---------- INFORMATION ----------
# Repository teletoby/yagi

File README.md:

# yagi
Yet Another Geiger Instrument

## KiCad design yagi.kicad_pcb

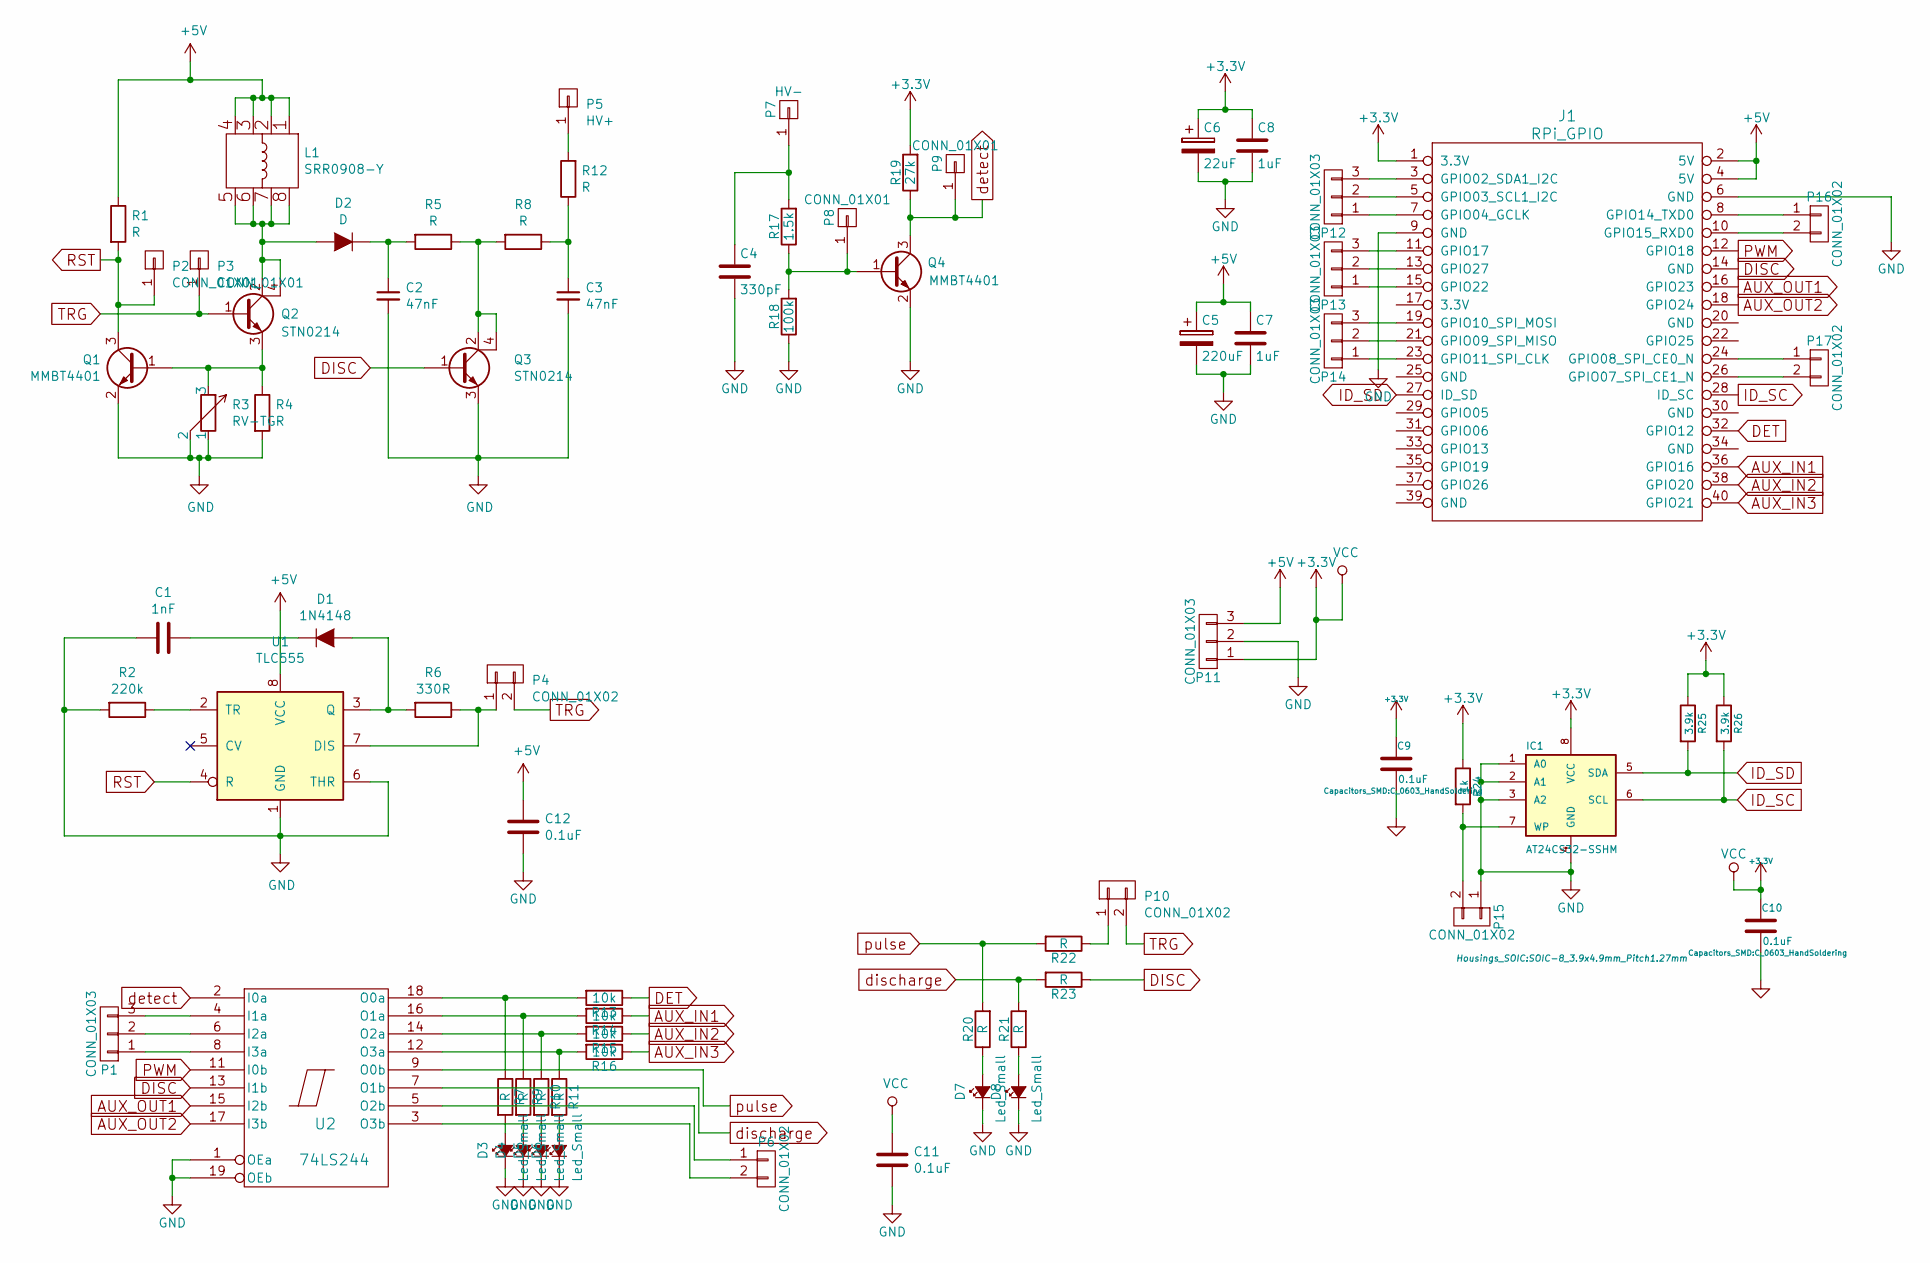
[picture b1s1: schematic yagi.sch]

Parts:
C1: 1nF; C_0805_HandSoldering
C2, C3: 47nF; C_1210_HandSoldering
C4: 330pF; C_0603_HandSoldering
C5: 220uF; c_elec_6.3x7.7
C6: 22uF; c_elec_5x4.5
C7, C8: 1uF; C_0805_HandSoldering
C9, C10, C11, C12: 0.1uF; C_0603_HandSoldering
D1: 1N4148; DO-35
D2: D; TUMD2SM
D3, D4, D5, D6, D7, D8: Led_Small; LED-0603
IC1: AT24CS32-SSHM; SOIC-8_3.9x4.9mm_Pitch1.27mm
J1: RPi_GPIO; Pin_Header_Straight_2x20
L1: SRR0908-Y
P1, P11, P12, P13, P14: CONN_01X03; Pin_Header_Straight_1x03
P2, P3: CONN_01X01; PIN
P4, P6, P10, P15, P16, P17: CONN_01X02; Pin_Header_Straight_1x02
P5: HV+; SolderWirePad_single_1-2mmDrill
P7: HV-; SolderWirePad_single_1-2mmDrill
P8, P9: CONN_01X01; SolderWirePad_single_0-8mmDrill
Q1, Q4: MMBT4401; SOT-23
Q2, Q3: STN0214; SOT-223
R1, R4, R5, R7, R8, R9, R10, R11, R12, R20, R21, R22, R23: R; R_0805_HandSoldering
R2: 220k; R_0805_HandSoldering
R3: RV-TG; bourns-3361-p
R6: 330R; R_0805_HandSoldering
R13, R14, R15, R16: 10k; R_0805_HandSoldering
R17: 1.5k; R_0805_HandSoldering
R18: 100k; R_0805_HandSoldering
R19: 27k; R_0805_HandSoldering
R24: 1k; R_0805_HandSoldering
R25, R26: 3.9k; R_0805_HandSoldering
U1: TLC555; SOIC-8_3.9x4.9mm_Pitch1.27mm
U2: 74LS244; TSSOP-20_4.4x6.5mm_Pitch0.65mm

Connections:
+3V3: C6.1, C8.1, C9.1, C10.1, C11.1, IC1.8 (VCC), J1.1 (3.3V), P11.1, R19.2, R24.1, R25.1, R26.1, U2.20 (VCC)
+5V: C5.1, C7.1, C12.1, J1.2 (5V), J1.4 (5V), L1.1, L1.2, L1.3, L1.4, P11.3, R1.1, U1.8 (VCC)
AUX_IN1: J1.36 (GPIO16), R14.1
AUX_IN2: J1.38 (GPIO20), R15.1
AUX_IN3: J1.40 (GPIO21), R16.1
AUX_OUT1: J1.16 (GPIO23), U2.15 (I2b)
AUX_OUT2: J1.18 (GPIO24), U2.17 (I3b)
DET: J1.32 (GPIO12), R13.1
DISC: J1.14 (GND), Q3.1 (B), U2.13 (I1b)
GND: C1.2, C2.2, C3.2, C4.2, C5.2, C6.2, C7.2, C8.2, C9.2, C10.2, C11.2, C12.2, D3.1 (K), D4.1 (K), D5.1 (K), D6.1 (K), D7.1 (K), D8.1 (K), IC1.1 (A0), IC1.2 (A1), IC1.3 (A2), IC1.4 (GND), J1.6 (GND), J1.9 (GND), P11.2, P15.1, Q1.2 (E), Q3.3 (E), Q4.2 (E), R2.2, R3.1, R3.2, R4.2, R18.1, U1.1 (GND), U1.6 (THR), U2.1 (OEa), U2.10 (GND), U2.19 (OEb)
ID_SC: IC1.6 (SCL), J1.28 (ID_SC), R26.2
ID_SD: IC1.5 (SDA), J1.27 (ID_SD), R25.2
unnamed: C1.1, D1.1 (K)
unnamed: C2.1, D2.1 (K), R5.2
unnamed: C3.1, R8.1, R12.1
unnamed: C4.1, P7.1, R17.2
unnamed: D1.2 (A), R6.2, U1.3 (Q)
unnamed: D2.2 (A), L1.5, L1.6, L1.7, L1.8, Q2.2 (C), Q2.4 (C)
unnamed: D3.2 (A), R7.2
unnamed: D4.2 (A), R9.2
unnamed: D5.2 (A), R10.2
unnamed: D6.2 (A), R11.2
unnamed: D7.2 (A), R20.1
unnamed: D8.2 (A), R21.1
unnamed: IC1.7 (WP), P15.2, R24.2
unnamed: J1.3 (GPIO02_SDA1_I2C), P12.3
unnamed: J1.5 (GPIO03_SCL1_I2C), P12.2
unnamed: J1.7 (GPIO04_GCLK), P12.1
unnamed: J1.8 (GPIO14_TXD0), P16.1
unnamed: J1.10 (GPIO15_RXD0), P16.2
unnamed: J1.11 (GPIO17), P13.3
unnamed: J1.13 (GPIO27), P13.2
unnamed: J1.15 (GPIO22), P13.1
unnamed: J1.19 (GPIO10_SPI_MOSI), P14.3
unnamed: J1.21 (GPIO09_SPI_MISO), P14.2
unnamed: J1.23 (GPIO11_SPI_CLK), P14.1
unnamed: J1.24 (GPIO08_SPI_CE0_N), P17.1
unnamed: J1.26 (GPIO07_SPI_CE1_N), P17.2
unnamed: P1.1, U2.8 (I3a)
unnamed: P1.2, U2.6 (I2a)
unnamed: P1.3, U2.4 (I1a)
unnamed: P4.1, R6.1, U1.7 (DIS)
unnamed: P5.1, R12.2
unnamed: P6.1, U2.5 (O2b)
unnamed: P6.2, U2.3 (O3b)
unnamed: P8.1, Q4.1 (B), R17.1, R18.2
unnamed: Q1.1 (B), Q2.3 (E), R3.3, R4.1
unnamed: Q3.2 (C), Q3.4 (C), R5.1, R8.2
unnamed: R2.1, U1.2 (TR)
unnamed: R10.1, R15.2, U2.14 (O2a)
unnamed: R11.1, R16.2, U2.12 (O3a)
unnamed: R7.1, R13.2, U2.18 (O0a)
unnamed: R9.1, R14.2, U2.16 (O1a)
PWM: J1.12 (GPIO18), U2.11 (I0b)
RST: P2.1, Q1.3 (C), R1.2, U1.4 (R)
TRG: P3.1, P4.2, P10.2, Q2.1 (B)
detect: P9.1, Q4.3 (C), R19.1, U2.2 (I0a)
discharge: R21.2, R23.2, U2.7 (O1b)
pulse: R20.2, R22.2, U2.9 (O0b)

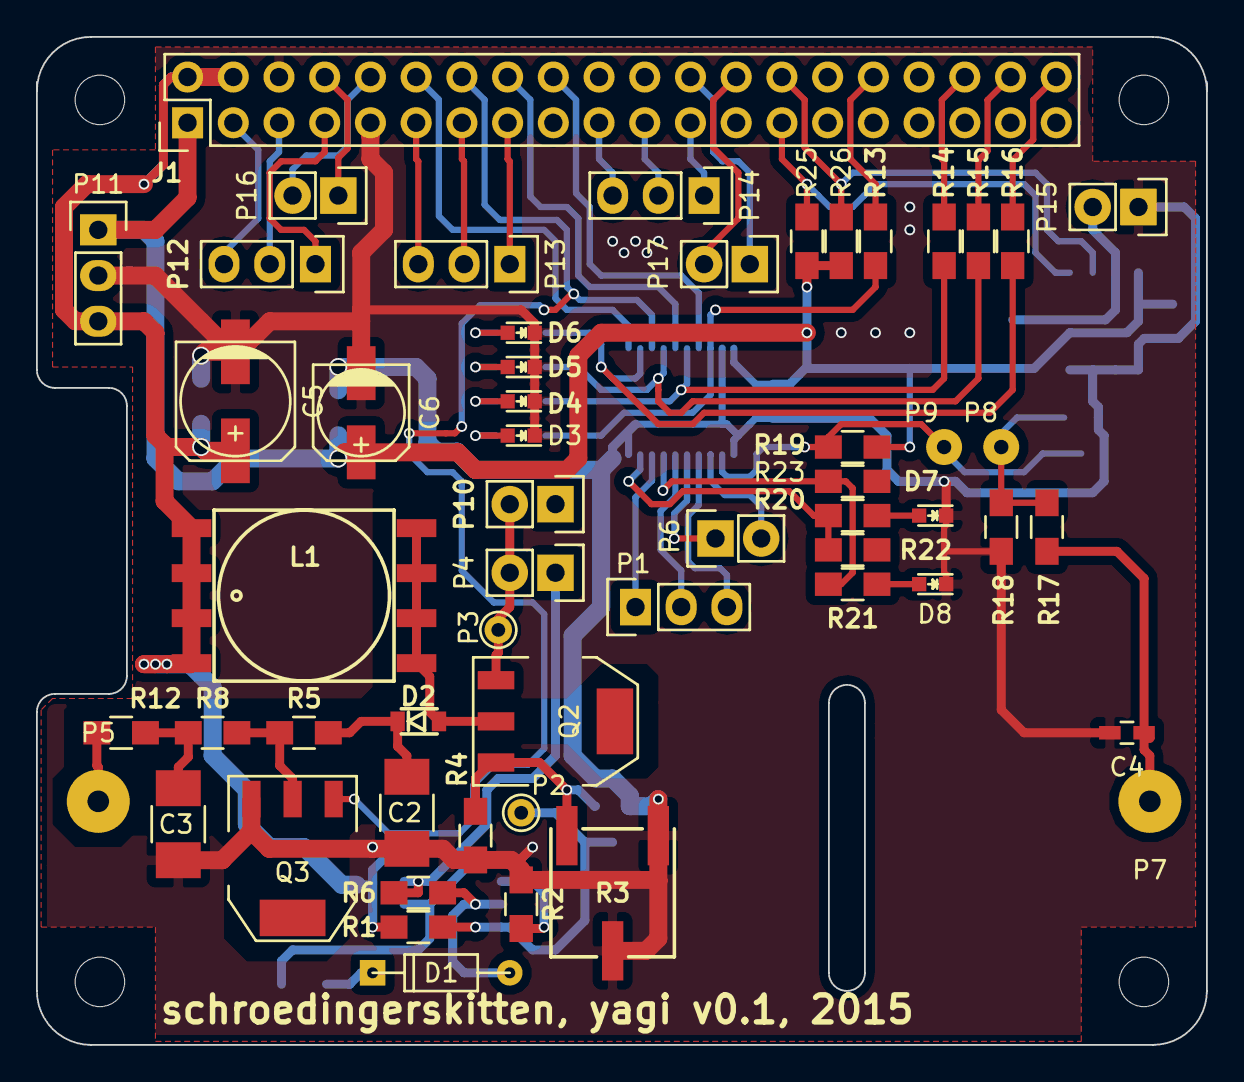
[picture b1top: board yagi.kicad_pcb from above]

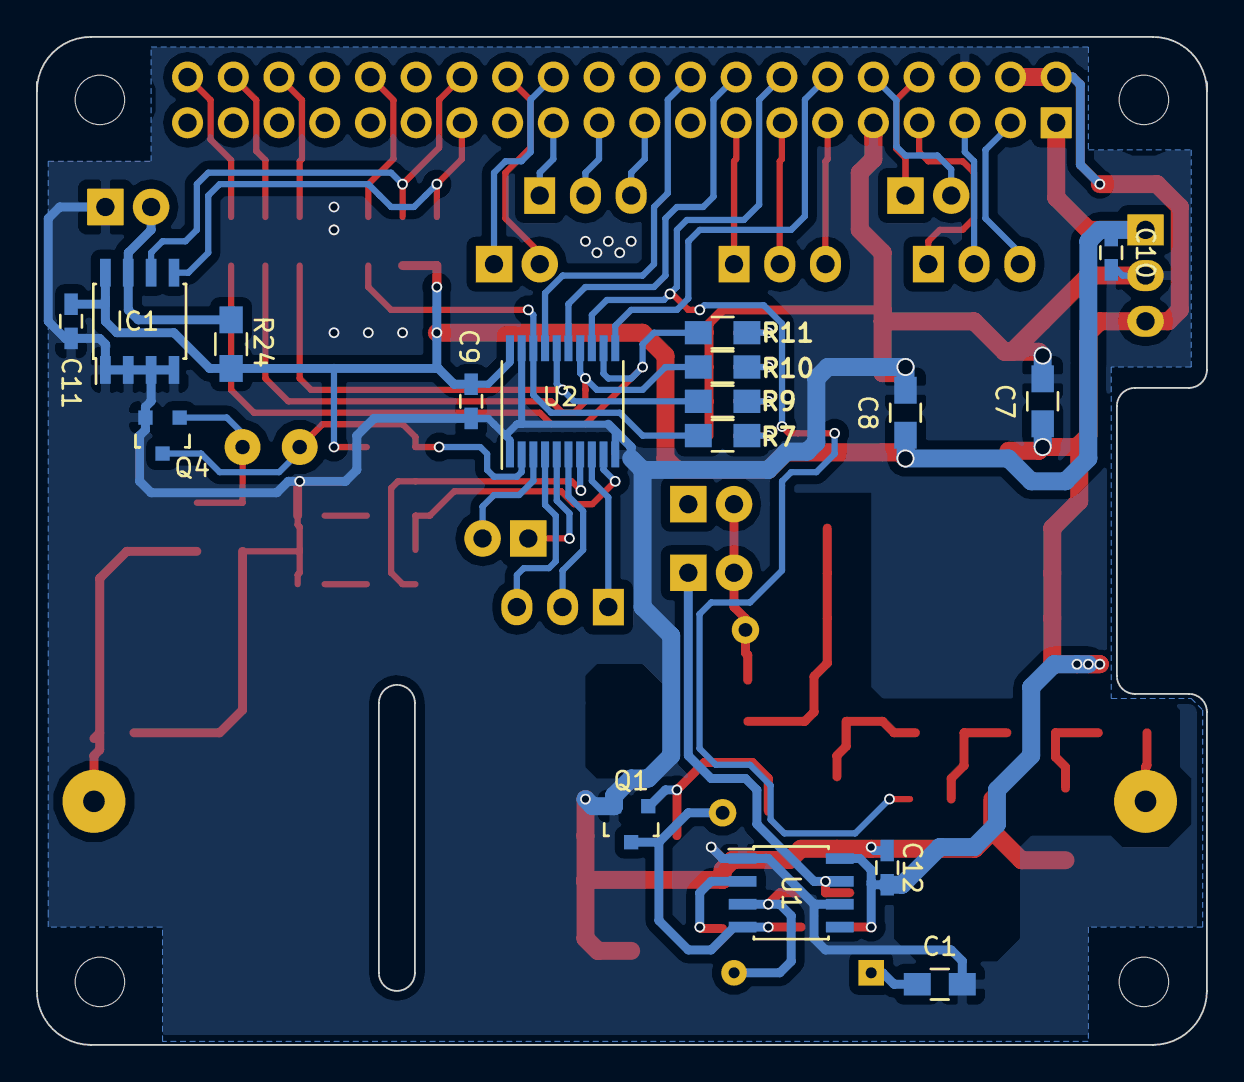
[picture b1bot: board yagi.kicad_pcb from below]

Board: 2 copper layers, 65.0 x 56.0 mm, 72 parts (17 on the bottom side), 59 nets.

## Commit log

2015-09-25 Add early draft
2015-10-01 Layouting
2015-10-03 Finish layouting.
2015-10-03 Add pins for easy current measurement for coil.
2016-01-03 New try.
2016-01-03 Renamed files according to seeed guidelines.
----------
_ABOUT THIS EXERCISE_
Which lines in the data above contain "picture"? Show each one.

_SOLUTION TO THIS TASK_
[picture b1s1: schematic yagi.sch]
[picture b1top: board yagi.kicad_pcb from above]
[picture b1bot: board yagi.kicad_pcb from below]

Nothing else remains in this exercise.